* Saved entries:
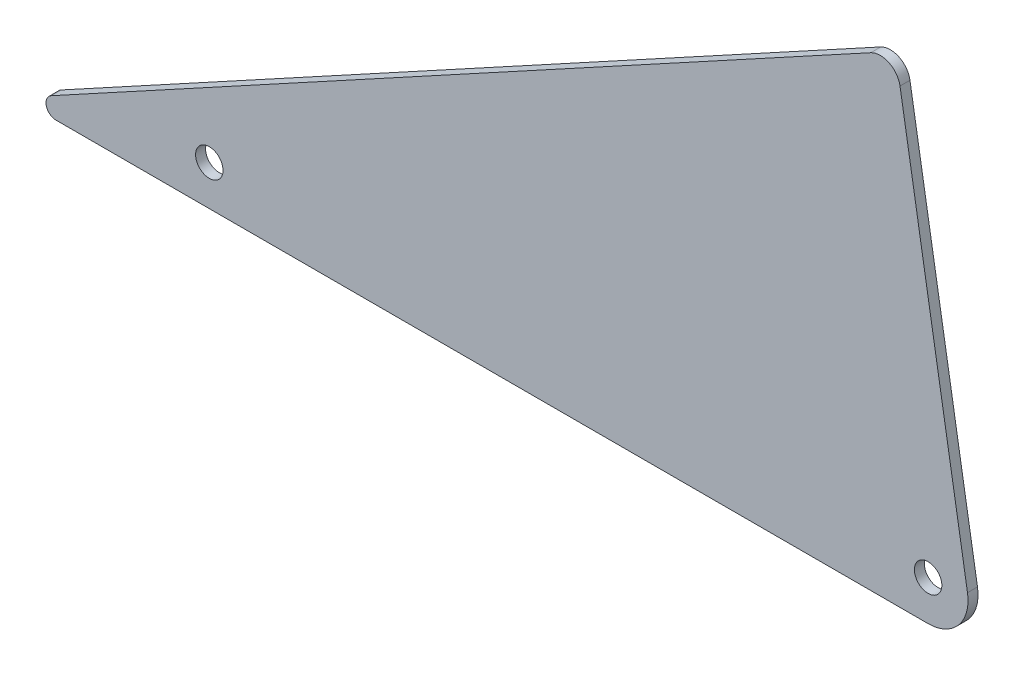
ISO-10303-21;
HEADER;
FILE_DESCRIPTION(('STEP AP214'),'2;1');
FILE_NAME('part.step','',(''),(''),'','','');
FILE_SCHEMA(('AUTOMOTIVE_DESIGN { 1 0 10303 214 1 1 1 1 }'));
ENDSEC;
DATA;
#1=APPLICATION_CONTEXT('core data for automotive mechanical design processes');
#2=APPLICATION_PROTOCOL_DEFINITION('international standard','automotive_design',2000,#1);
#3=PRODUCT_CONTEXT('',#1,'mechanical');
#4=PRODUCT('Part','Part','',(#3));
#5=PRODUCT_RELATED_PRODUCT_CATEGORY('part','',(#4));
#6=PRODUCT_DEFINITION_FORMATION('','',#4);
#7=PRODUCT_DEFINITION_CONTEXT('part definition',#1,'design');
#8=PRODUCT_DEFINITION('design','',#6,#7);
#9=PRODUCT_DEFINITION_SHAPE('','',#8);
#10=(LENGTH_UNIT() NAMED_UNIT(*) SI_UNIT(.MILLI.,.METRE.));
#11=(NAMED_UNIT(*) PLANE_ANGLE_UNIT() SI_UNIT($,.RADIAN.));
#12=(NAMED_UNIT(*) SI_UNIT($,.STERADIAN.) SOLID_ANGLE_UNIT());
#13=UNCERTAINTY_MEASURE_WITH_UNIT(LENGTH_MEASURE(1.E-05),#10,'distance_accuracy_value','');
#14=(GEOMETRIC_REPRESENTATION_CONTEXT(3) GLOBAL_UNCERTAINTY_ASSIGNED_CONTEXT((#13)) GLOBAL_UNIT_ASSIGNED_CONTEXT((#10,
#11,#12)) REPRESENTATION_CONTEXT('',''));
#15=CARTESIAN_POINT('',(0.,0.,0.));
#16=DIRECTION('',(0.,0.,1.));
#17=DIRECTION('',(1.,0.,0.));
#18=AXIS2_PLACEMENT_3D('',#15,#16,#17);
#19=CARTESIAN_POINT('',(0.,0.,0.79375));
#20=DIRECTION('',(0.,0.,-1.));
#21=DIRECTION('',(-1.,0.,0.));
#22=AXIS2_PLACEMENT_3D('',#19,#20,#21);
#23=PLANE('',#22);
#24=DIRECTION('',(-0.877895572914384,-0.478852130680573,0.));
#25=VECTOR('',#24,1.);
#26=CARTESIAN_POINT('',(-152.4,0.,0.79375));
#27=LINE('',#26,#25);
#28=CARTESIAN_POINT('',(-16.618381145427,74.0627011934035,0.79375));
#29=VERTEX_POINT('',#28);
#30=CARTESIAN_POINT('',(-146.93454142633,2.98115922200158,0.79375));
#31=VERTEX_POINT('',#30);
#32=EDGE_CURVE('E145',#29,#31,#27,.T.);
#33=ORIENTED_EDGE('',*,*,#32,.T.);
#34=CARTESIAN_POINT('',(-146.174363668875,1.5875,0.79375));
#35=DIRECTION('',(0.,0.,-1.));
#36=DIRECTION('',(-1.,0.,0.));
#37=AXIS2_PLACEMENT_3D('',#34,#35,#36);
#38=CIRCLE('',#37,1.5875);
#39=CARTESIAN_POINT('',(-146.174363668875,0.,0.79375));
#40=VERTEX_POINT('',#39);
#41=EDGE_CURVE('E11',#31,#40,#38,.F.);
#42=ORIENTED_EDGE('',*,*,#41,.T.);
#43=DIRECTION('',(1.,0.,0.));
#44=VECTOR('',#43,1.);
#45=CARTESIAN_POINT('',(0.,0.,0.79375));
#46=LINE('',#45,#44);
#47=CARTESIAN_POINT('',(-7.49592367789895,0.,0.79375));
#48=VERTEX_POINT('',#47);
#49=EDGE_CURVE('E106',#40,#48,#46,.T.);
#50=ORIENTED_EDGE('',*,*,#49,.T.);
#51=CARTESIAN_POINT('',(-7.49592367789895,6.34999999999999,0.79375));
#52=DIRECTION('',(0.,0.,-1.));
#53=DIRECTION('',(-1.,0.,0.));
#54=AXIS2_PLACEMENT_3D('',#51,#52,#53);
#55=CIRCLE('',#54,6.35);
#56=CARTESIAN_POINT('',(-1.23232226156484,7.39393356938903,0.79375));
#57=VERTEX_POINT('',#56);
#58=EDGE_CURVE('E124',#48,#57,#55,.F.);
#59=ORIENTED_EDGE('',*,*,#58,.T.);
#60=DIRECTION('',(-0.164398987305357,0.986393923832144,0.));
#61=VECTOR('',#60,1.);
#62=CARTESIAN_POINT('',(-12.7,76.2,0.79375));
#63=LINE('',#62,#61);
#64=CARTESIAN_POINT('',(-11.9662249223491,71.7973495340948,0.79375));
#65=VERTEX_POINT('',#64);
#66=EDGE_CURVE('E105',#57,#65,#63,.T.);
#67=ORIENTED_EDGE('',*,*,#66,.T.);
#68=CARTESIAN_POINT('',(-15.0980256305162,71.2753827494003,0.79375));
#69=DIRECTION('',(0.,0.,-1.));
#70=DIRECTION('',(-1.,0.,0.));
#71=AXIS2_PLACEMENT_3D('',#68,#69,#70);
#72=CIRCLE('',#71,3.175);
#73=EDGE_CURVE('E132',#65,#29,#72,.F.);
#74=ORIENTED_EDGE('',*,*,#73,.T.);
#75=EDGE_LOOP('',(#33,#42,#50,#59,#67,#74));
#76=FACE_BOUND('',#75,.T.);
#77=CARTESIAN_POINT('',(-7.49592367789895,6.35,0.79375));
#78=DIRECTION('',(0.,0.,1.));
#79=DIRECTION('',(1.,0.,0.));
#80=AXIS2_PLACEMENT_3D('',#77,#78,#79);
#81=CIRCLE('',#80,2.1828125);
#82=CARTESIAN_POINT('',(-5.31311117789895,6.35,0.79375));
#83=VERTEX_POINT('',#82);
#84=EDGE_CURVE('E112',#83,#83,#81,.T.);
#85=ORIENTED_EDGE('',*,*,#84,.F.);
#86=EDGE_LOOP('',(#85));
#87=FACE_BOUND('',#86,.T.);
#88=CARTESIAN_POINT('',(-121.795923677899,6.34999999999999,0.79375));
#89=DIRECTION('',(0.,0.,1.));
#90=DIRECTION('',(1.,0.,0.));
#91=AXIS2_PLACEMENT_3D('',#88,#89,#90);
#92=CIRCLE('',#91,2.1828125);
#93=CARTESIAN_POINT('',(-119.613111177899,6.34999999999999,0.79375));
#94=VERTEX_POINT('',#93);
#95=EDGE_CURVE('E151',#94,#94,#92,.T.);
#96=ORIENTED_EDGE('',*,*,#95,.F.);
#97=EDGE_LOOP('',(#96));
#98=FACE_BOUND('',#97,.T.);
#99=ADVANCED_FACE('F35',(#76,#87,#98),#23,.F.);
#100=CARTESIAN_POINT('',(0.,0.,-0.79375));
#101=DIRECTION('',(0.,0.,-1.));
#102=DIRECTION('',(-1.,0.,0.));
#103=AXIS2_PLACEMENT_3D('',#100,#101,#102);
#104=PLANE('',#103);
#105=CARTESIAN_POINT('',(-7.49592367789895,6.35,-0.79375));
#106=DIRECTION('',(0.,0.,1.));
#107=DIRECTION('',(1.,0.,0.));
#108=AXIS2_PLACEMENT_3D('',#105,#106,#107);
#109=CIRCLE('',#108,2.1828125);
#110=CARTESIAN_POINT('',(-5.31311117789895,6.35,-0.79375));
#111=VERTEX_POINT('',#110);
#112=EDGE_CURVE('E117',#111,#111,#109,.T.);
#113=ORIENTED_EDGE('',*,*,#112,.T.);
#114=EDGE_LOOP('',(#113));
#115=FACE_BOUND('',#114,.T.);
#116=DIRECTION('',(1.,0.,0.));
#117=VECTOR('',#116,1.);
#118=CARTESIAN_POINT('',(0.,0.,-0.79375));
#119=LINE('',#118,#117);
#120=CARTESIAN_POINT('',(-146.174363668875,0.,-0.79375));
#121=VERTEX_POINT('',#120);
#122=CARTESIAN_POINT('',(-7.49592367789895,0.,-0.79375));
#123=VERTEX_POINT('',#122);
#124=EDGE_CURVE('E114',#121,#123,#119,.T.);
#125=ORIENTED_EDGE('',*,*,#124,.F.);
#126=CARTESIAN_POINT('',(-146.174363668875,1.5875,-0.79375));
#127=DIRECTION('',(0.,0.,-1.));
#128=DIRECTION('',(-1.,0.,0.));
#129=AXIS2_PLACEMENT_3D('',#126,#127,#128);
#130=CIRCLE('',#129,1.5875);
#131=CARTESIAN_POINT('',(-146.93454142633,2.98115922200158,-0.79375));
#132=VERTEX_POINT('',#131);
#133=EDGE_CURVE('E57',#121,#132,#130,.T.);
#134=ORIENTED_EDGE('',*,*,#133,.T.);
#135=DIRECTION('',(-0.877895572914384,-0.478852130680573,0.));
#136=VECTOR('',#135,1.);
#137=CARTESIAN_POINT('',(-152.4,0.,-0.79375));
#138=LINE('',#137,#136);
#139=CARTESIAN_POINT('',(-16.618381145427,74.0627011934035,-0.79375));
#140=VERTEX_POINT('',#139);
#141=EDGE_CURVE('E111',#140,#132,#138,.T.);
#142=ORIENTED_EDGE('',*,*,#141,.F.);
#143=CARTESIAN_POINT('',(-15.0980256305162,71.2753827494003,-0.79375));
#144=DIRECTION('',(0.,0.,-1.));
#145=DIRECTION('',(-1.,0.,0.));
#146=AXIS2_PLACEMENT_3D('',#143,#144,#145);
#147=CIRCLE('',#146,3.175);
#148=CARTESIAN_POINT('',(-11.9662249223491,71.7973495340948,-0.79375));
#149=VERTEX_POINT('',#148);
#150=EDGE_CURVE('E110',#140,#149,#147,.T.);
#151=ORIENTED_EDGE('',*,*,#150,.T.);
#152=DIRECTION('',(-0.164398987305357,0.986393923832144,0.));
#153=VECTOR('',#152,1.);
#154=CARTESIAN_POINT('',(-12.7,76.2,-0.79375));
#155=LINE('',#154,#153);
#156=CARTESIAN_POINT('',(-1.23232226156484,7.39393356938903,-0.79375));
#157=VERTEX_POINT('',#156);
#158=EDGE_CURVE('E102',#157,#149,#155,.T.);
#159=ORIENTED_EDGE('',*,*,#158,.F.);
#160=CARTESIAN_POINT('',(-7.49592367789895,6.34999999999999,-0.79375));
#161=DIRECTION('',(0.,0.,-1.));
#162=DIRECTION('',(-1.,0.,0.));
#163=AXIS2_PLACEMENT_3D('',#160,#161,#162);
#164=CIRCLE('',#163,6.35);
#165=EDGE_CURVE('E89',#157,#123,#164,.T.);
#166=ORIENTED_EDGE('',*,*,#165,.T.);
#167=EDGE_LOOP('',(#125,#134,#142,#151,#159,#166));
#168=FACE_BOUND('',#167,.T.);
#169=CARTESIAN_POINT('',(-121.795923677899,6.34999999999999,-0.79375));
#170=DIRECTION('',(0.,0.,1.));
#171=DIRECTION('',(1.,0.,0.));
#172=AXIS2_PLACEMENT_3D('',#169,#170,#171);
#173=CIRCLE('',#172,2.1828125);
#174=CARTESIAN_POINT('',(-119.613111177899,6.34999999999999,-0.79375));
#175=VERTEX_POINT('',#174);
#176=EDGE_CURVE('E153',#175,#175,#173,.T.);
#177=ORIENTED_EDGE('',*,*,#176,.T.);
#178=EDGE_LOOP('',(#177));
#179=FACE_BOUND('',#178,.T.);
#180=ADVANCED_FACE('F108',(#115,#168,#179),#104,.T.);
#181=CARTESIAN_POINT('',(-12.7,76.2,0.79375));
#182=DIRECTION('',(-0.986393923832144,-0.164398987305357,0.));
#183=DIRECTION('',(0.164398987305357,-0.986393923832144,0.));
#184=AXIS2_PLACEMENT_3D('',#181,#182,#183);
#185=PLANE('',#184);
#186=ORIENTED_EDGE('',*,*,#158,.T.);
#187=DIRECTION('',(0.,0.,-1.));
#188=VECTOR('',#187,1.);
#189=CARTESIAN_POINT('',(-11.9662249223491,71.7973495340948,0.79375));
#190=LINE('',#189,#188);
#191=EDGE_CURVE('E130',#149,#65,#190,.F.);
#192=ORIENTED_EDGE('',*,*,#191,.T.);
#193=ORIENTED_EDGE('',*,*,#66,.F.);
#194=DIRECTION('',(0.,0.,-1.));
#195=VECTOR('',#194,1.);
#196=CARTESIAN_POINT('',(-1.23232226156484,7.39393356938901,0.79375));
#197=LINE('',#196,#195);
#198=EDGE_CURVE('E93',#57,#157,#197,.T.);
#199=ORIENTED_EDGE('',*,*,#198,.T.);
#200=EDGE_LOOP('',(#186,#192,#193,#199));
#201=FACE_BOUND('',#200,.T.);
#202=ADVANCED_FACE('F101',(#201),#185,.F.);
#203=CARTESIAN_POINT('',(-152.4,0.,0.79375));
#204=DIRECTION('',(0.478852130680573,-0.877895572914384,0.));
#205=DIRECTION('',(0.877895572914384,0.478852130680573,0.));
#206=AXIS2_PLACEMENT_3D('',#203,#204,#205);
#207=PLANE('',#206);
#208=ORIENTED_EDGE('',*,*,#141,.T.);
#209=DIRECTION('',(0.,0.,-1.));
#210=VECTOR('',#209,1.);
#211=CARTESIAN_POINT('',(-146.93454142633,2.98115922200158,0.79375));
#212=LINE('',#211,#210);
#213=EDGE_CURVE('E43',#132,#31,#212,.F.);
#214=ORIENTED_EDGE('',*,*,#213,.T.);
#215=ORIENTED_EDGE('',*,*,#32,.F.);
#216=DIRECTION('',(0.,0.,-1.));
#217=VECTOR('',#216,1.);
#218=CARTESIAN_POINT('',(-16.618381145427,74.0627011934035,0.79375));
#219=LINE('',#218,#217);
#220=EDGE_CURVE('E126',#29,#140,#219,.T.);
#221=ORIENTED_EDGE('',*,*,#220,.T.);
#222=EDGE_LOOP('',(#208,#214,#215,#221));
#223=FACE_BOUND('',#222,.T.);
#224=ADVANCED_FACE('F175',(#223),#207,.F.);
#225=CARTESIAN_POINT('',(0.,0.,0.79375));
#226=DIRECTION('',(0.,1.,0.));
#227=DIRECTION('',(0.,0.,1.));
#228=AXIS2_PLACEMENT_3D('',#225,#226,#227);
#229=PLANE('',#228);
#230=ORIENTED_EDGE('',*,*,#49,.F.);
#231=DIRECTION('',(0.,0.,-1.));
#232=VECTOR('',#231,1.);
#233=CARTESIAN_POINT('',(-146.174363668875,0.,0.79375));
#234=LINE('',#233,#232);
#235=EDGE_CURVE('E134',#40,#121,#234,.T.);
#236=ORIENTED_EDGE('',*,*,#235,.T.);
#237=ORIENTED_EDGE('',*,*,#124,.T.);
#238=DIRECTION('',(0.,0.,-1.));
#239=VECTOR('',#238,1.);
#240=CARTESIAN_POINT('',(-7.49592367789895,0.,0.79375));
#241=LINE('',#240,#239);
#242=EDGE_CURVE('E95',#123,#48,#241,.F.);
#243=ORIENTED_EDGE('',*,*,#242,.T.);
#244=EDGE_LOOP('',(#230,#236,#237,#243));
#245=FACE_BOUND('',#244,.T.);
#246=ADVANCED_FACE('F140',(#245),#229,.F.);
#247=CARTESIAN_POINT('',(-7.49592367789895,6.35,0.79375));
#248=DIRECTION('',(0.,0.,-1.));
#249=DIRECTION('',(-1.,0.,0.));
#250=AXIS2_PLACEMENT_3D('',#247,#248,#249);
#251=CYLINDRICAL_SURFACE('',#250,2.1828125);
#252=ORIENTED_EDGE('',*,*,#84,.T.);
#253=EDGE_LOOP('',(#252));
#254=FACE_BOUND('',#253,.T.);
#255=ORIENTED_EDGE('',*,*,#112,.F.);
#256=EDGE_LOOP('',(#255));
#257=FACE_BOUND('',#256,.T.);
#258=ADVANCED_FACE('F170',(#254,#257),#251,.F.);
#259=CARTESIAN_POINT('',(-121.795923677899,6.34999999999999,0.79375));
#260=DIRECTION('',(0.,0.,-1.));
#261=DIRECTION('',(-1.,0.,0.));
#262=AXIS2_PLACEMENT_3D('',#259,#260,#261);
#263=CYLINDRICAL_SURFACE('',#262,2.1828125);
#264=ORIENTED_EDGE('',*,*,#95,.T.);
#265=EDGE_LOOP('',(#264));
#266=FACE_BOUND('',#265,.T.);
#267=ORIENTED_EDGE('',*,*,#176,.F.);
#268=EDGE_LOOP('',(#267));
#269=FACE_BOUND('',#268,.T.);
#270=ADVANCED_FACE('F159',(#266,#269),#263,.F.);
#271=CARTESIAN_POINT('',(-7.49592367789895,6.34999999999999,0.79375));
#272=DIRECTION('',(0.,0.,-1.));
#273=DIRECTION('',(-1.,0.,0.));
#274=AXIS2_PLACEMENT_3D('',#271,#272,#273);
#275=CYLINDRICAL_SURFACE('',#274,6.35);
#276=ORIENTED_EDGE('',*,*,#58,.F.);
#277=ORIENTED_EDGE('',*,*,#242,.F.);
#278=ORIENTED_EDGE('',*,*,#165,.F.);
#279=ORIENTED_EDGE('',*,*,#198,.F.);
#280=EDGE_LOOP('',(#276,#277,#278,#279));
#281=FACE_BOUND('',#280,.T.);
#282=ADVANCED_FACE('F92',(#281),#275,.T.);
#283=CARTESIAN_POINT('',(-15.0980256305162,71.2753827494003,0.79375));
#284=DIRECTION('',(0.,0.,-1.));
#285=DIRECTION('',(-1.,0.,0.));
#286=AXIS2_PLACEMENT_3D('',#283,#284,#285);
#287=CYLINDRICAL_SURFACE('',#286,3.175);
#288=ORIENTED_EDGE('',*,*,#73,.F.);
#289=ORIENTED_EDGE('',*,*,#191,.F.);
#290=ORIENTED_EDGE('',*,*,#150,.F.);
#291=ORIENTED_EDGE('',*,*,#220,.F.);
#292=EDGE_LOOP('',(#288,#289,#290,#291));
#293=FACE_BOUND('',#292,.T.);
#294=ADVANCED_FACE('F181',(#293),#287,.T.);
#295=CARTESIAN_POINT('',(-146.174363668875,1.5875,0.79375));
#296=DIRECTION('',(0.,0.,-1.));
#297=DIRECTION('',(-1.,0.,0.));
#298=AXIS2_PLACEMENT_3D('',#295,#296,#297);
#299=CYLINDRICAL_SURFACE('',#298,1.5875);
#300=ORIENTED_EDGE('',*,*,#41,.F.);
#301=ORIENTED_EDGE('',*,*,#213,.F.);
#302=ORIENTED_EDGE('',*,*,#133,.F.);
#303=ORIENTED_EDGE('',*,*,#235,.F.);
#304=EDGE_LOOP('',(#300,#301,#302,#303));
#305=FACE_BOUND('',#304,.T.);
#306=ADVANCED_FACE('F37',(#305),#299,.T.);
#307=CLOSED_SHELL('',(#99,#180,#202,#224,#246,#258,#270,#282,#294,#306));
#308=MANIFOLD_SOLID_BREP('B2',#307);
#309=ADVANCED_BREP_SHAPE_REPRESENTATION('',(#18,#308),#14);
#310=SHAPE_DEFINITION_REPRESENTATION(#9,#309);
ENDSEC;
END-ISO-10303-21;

* Required work:
Of the entries above, transcribe exactly those lines that fall between the line containing "#11,#12)) REPRESENTATION_CONTEXT('',''));" and the line containing "#27=LINE('',#26,#25);", together with those two lines.

* Written answer:
#11,#12)) REPRESENTATION_CONTEXT('',''));
#15=CARTESIAN_POINT('',(0.,0.,0.));
#16=DIRECTION('',(0.,0.,1.));
#17=DIRECTION('',(1.,0.,0.));
#18=AXIS2_PLACEMENT_3D('',#15,#16,#17);
#19=CARTESIAN_POINT('',(0.,0.,0.79375));
#20=DIRECTION('',(0.,0.,-1.));
#21=DIRECTION('',(-1.,0.,0.));
#22=AXIS2_PLACEMENT_3D('',#19,#20,#21);
#23=PLANE('',#22);
#24=DIRECTION('',(-0.877895572914384,-0.478852130680573,0.));
#25=VECTOR('',#24,1.);
#26=CARTESIAN_POINT('',(-152.4,0.,0.79375));
#27=LINE('',#26,#25);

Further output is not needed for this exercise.